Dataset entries
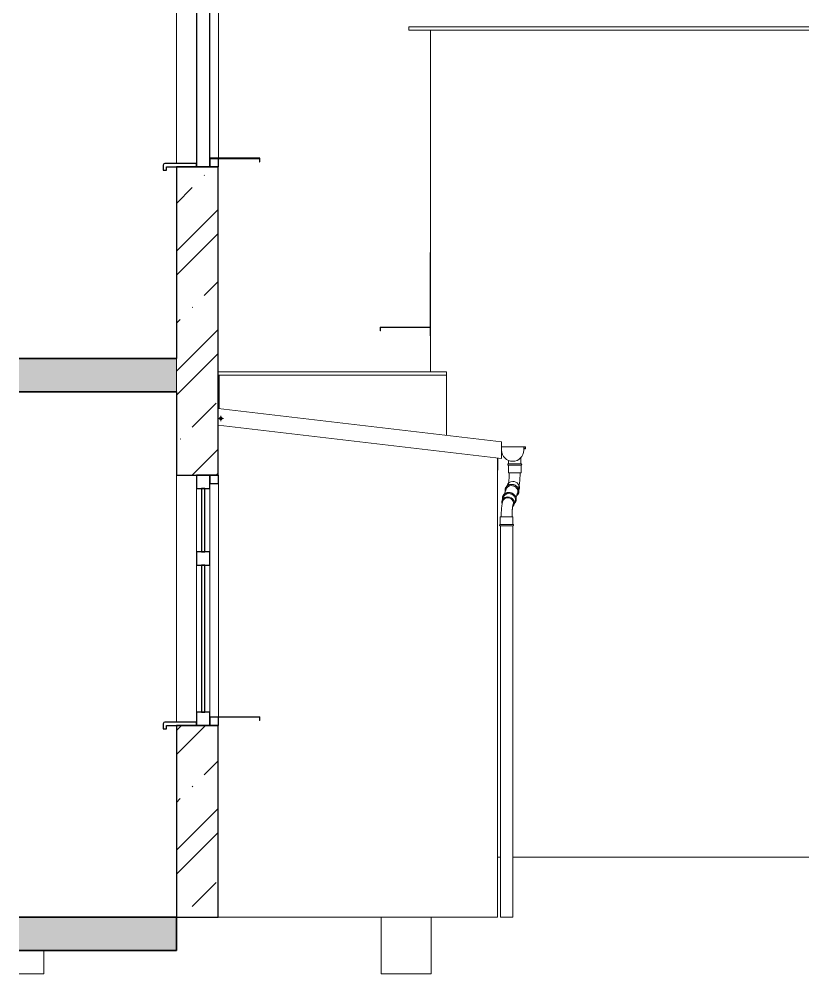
# Model space of a CAD drawing. Header units: millimetres. Extents: x -20192 to 462224, y -45352 to 20466.
# Drawn here: x 40668 to 45370, y 530 to 6255 of the extents above; entities that cross this region are included whole.
import ezdxf

# ---------------------------------------------------------------- set-up
doc = ezdxf.new("R2010")
doc.units = ezdxf.units.MM
for name, color, linetype, lineweight in [('A-FLOR', 192, 'Continuous', 9), ('A-FLOR-PATT', 8, 'Continuous', 35), ('A-GENM', 13, 'Continuous', 9), ('A-GLAZ', 151, 'Continuous', 9), ('A-ROOF', 132, 'Continuous', 9), ('A-WALL', 113, 'Continuous', 9), ('A-WALL-PATT', 111, 'Continuous', 25), ('E-POWR-CNTR', 130, 'Continuous', 9), ('E-POWR-RISE', 130, 'Continuous', 9), ('P-PIPE', 3, 'Continuous', 9), ('Q-SPCQ', 91, 'Continuous', 9), ('S-COLS', 52, 'Continuous', 9)]:
    doc.layers.add(name, color=color, linetype=linetype, lineweight=lineweight)
pattern_1 = [(45, (125833.3, -4e-10), (-359.2102, 359.2102), []), (45, (125977, -5e-10), (-359.2102, 359.2102), []), (45, (126264.35, -5e-10), (-215.526, 502.8943), [203.2, -101.6, 3.353, -98.247])]
pattern_2 = [(0, (65492.87, 0), (150, 86.6), [100, -200]), (60, (65592.87, 0), (0.0022, 173.20381), [100, -200]), (300, (65592.87, 0), (149.9978, -86.60381), [100, -200])]

# ---------------------------------------------------------------- blocks, each defined once
blk = doc.blocks.new('OKNO_1k_nadsvetlik - OKNO_1k_nadsvetlik_1200 x 1500-1969479-VB3-Z-Bourání')
at = {"layer": 'A-GLAZ'}
h = blk.add_hatch(dxfattribs=at)
h.set_pattern_fill('FP_35', color=256, style=0, pattern_type=2)
h.set_pattern_definition(pattern_2)
h.paths.add_polyline_path([(-18528.2, 2020), (-18477.2, 2020), (-18477.2, 2070), (-18528.2, 2070)])
h.paths.add_polyline_path([(-18528.2, 3470), (-18477.2, 3470), (-18477.2, 3520), (-18528.2, 3520), (-18528.2, 3484.6)])
at = {"layer": 'A-GLAZ', "lineweight": 25}
for p, q in [((-18528.2, 3520), (-18608.2, 3520)), ((-18608.2, 3520), (-18608.2, 3440)), ((-18528.2, 3520), (-18528.2, 3470)), ((-18477.2, 3520), (-18528.2, 3520)), ((-18528.2, 3440), (-18528.2, 3520)), ((-18477.2, 3470), (-18477.2, 3520)), ((-18608.2, 3440), (-18528.2, 3440)), ((-18578.2, 3440), (-18578.2, 3060)), ((-18558.2, 3440), (-18578.2, 3440)), ((-18558.2, 3060), (-18558.2, 3440)), ((-18528.2, 3470), (-18477.2, 3470)), ((-18528.2, 3060), (-18608.2, 3060)), ((-18608.2, 3060), (-18608.2, 2980)), ((-18578.2, 3060), (-18558.2, 3060)), ((-18528.2, 2980), (-18528.2, 3060)), ((-18608.2, 2980), (-18528.2, 2980)), ((-18578.2, 2980), (-18578.2, 2100)), ((-18558.2, 2980), (-18578.2, 2980)), ((-18558.2, 2100), (-18558.2, 2980)), ((-18528.2, 2100), (-18608.2, 2100)), ((-18608.2, 2100), (-18608.2, 2020)), ((-18578.2, 2100), (-18558.2, 2100)), ((-18528.2, 2020), (-18528.2, 2100)), ((-18528.2, 2070), (-18528.2, 2020)), ((-18477.2, 2070), (-18528.2, 2070)), ((-18477.2, 2020), (-18477.2, 2070)), ((-18608.2, 2020), (-18528.2, 2020)), ((-18528.2, 2020), (-18477.2, 2020))]:
    blk.add_line(p, q, dxfattribs=at)
at = {"layer": 'A-GLAZ'}
for p, q in [((-18608.2, 3060), (-18608.2, 3440)), ((-18528.2, 3440), (-18528.2, 3060)), ((-18477.2, 2072), (-18477.2, 3470)), ((-18608.2, 2100), (-18608.2, 2980)), ((-18528.2, 2980), (-18528.2, 2100))]:
    blk.add_line(p, q, dxfattribs=at)
blk = doc.blocks.new('parapet s nosem_vnitní - parapet s nosem_vnitní-1280356-VB3-Z-Bourání')
at = {"layer": 'A-GENM', "lineweight": 25}
for p, q in [((-18808.2, 2030), (-18808.2, 2000)), ((-18608.2, 2040), (-18798.2, 2040)), ((-18788.2, 2020), (-18608.2, 2020)), ((-18788.2, 2000), (-18788.2, 2020)), ((-18608.2, 2020), (-18608.2, 2040)), ((-18808.2, 2000), (-18788.2, 2000))]:
    blk.add_line(p, q, dxfattribs=at)
blk.add_arc((-18798.2, 2030), 10, 90, 180, dxfattribs=at)
blk = doc.blocks.new('parapet_ext - parapet_ext-1802071-VB3-Z-Bourání')
at = {"layer": 'Q-SPCQ'}
for p, q in [((-18228.2, 2072), (-18528.2, 2072)), ((-18528.2, 2072), (-18528.2, 2070)), ((-18528.2, 2070), (-18230.2, 2070)), ((-18230.2, 2070), (-18230.2, 2050)), ((-18228.2, 2050), (-18228.2, 2072)), ((-18230.2, 2050), (-18228.2, 2050))]:
    blk.add_line(p, q, dxfattribs=at)
blk = doc.blocks.new('OKNO_1k_nadsvetlik - OKNO_1k_nadsvetlik_1200 x 1500-V25-VB3-Z-Bourání')
at = {"layer": 'A-GLAZ'}
h = blk.add_hatch(dxfattribs=at)
h.set_pattern_fill('FP_35', color=256, style=0, pattern_type=2)
h.set_pattern_definition(pattern_2)
h.paths.add_polyline_path([(-18528.2, 5370), (-18477.2, 5370), (-18477.2, 5420), (-18528.2, 5420)])
h.paths.add_polyline_path([(-18528.2, 6820), (-18477.2, 6820), (-18477.2, 6870), (-18528.2, 6870)])
at = {"layer": 'A-GLAZ', "lineweight": 25}
for p, q in [((-18528.2, 6870), (-18608.2, 6870)), ((-18608.2, 6870), (-18608.2, 5370)), ((-18528.2, 6870), (-18528.2, 6820)), ((-18477.2, 6870), (-18528.2, 6870)), ((-18528.2, 5370), (-18528.2, 6870)), ((-18528.2, 6820), (-18477.2, 6820)), ((-18477.2, 6820), (-18477.2, 6870)), ((-18528.2, 5420), (-18528.2, 5370)), ((-18477.2, 5420), (-18528.2, 5420)), ((-18477.2, 5370), (-18477.2, 5420)), ((-18608.2, 5370), (-18528.2, 5370)), ((-18528.2, 5370), (-18477.2, 5370))]:
    blk.add_line(p, q, dxfattribs=at)
at = {"layer": 'A-GLAZ'}
blk.add_line((-18477.2, 5422), (-18477.2, 6820), dxfattribs=at)
blk = doc.blocks.new('parapet s nosem_vnitní - parapet s nosem_vnitní-V26-VB3-Z-Bourání')
at = {"layer": 'A-GENM', "lineweight": 25}
for p, q in [((-18608.2, 5390), (-18798.2, 5390)), ((-18608.2, 5370), (-18608.2, 5390)), ((-18808.2, 5380), (-18808.2, 5350)), ((-18808.2, 5350), (-18788.2, 5350)), ((-18788.2, 5370), (-18608.2, 5370)), ((-18788.2, 5350), (-18788.2, 5370))]:
    blk.add_line(p, q, dxfattribs=at)
blk.add_arc((-18798.2, 5380), 10, 90, 180, dxfattribs=at)
blk = doc.blocks.new('Koleno_ uhlíková ocel_ lisované - Standardní-1159651-VB3-Z-Bourání')
at = {"layer": 'P-PIPE', "color": 41}
for p, q in [((-16737.8, 3580.2), (-16737.8, 3535.2)), ((-16737.8, 3580.2), (-16706.1, 3580.2)), ((-16706.1, 3580.2), (-16662.3, 3580.2)), ((-16661.7, 3535.2), (-16661.7, 3580.2)), ((-16737.8, 3535.2), (-16706.1, 3535.2)), ((-16706.1, 3535.2), (-16661.7, 3535.2)), ((-16744.7, 3461.1), (-16751.4, 3441)), ((-16679.2, 3417), (-16672.5, 3437.1))]:
    blk.add_line(p, q, dxfattribs=at)
at = {"layer": 'P-PIPE', "color": 41, "flags": 128}
for points in [[(-16737.8, 3580.2), (-16738, 3580.2), (-16738.2, 3580.2), (-16738.3, 3580.2), (-16738.5, 3580.2), (-16738.6, 3580.3), (-16738.8, 3580.3), (-16738.9, 3580.3), (-16739.1, 3580.4), (-16739.2, 3580.4), (-16739.4, 3580.5), (-16739.5, 3580.6), (-16739.7, 3580.6), (-16739.8, 3580.7), (-16740, 3580.8), (-16740.1, 3580.9), (-16740.2, 3581), (-16740.4, 3581.1), (-16740.5, 3581.2), (-16740.6, 3581.3), (-16740.7, 3581.4), (-16740.8, 3581.5), (-16740.9, 3581.6), (-16741, 3581.7), (-16741.1, 3581.9), (-16741.2, 3582), (-16741.3, 3582.1), (-16741.4, 3582.3), (-16741.4, 3582.4), (-16741.5, 3582.6), (-16741.6, 3582.7), (-16741.6, 3582.9), (-16741.7, 3583), (-16741.7, 3583.2), (-16741.8, 3583.3), (-16741.8, 3583.5), (-16741.8, 3583.7), (-16741.8, 3583.8), (-16741.8, 3584), (-16741.8, 3584.1), (-16741.8, 3584.3), (-16741.8, 3584.4), (-16741.8, 3584.6), (-16741.8, 3584.8), (-16741.8, 3584.9), (-16741.7, 3585.1), (-16741.7, 3585.2), (-16741.7, 3585.4), (-16741.6, 3585.5), (-16741.5, 3585.7), (-16741.5, 3585.8), (-16741.4, 3586), (-16741.3, 3586.1), (-16741.3, 3586.3), (-16741.2, 3586.4), (-16741.1, 3586.5), (-16741, 3586.7), (-16740.9, 3586.8), (-16740.8, 3586.9), (-16740.7, 3587), (-16740.5, 3587.1), (-16740.4, 3587.2), (-16740.3, 3587.3), (-16740.2, 3587.4), (-16740, 3587.5), (-16739.9, 3587.6), (-16739.8, 3587.7), (-16739.6, 3587.8), (-16739.5, 3587.8), (-16739.3, 3587.9), (-16739.2, 3587.9), (-16739, 3588), (-16738.9, 3588), (-16738.7, 3588.1), (-16738.6, 3588.1), (-16738.4, 3588.1), (-16738.2, 3588.2), (-16738.1, 3588.2), (-16737.9, 3588.2), (-16737.8, 3588.2)], [(-16737.8, 3588.2), (-16737.8, 3588.2), (-16737.7, 3588.2), (-16737.6, 3588.2), (-16737.4, 3588.2), (-16737.1, 3588.2), (-16736.8, 3588.2), (-16736.4, 3588.2), (-16735.9, 3588.2), (-16735.4, 3588.2), (-16734.8, 3588.2)], [(-16706.1, 3588.2), (-16707.6, 3588.2), (-16709.1, 3588.2), (-16710.6, 3588.2), (-16712, 3588.2), (-16713.5, 3588.2), (-16714.9, 3588.2), (-16716.2, 3588.2), (-16717.6, 3588.2), (-16718.9, 3588.2), (-16720.2, 3588.2), (-16721.5, 3588.2), (-16722.7, 3588.2), (-16723.9, 3588.2), (-16725.1, 3588.2), (-16726.2, 3588.2), (-16727.3, 3588.2), (-16728.3, 3588.2), (-16729.3, 3588.2), (-16730.2, 3588.2), (-16731.1, 3588.2), (-16732, 3588.2), (-16732.7, 3588.2), (-16733.5, 3588.2), (-16734.2, 3588.2), (-16734.8, 3588.2), (-16735.4, 3588.2), (-16735.9, 3588.2), (-16736.3, 3588.2), (-16736.7, 3588.2), (-16737.1, 3588.2), (-16737.3, 3588.2), (-16737.6, 3588.2), (-16737.7, 3588.2), (-16737.8, 3588.2), (-16737.8, 3588.2)], [(-16737.8, 3580.2), (-16737.8, 3580.2), (-16737.7, 3580.2), (-16737.6, 3580.2), (-16737.4, 3580.2), (-16737.1, 3580.2), (-16736.8, 3580.2), (-16736.4, 3580.2), (-16735.9, 3580.2), (-16735.4, 3580.2), (-16734.8, 3580.2), (-16734.2, 3580.2), (-16733.5, 3580.2), (-16732.8, 3580.2), (-16732, 3580.2), (-16731.2, 3580.2), (-16730.3, 3580.2), (-16729.4, 3580.2), (-16728.4, 3580.2), (-16727.4, 3580.2), (-16726.3, 3580.2), (-16725.2, 3580.2), (-16724, 3580.2), (-16722.8, 3580.2), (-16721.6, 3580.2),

**Task description**
Where the word "ezdxf" occurs in a line of the records, copy that line.

**Result of the task**
import ezdxf
doc = ezdxf.new("R2010")
doc.units = ezdxf.units.MM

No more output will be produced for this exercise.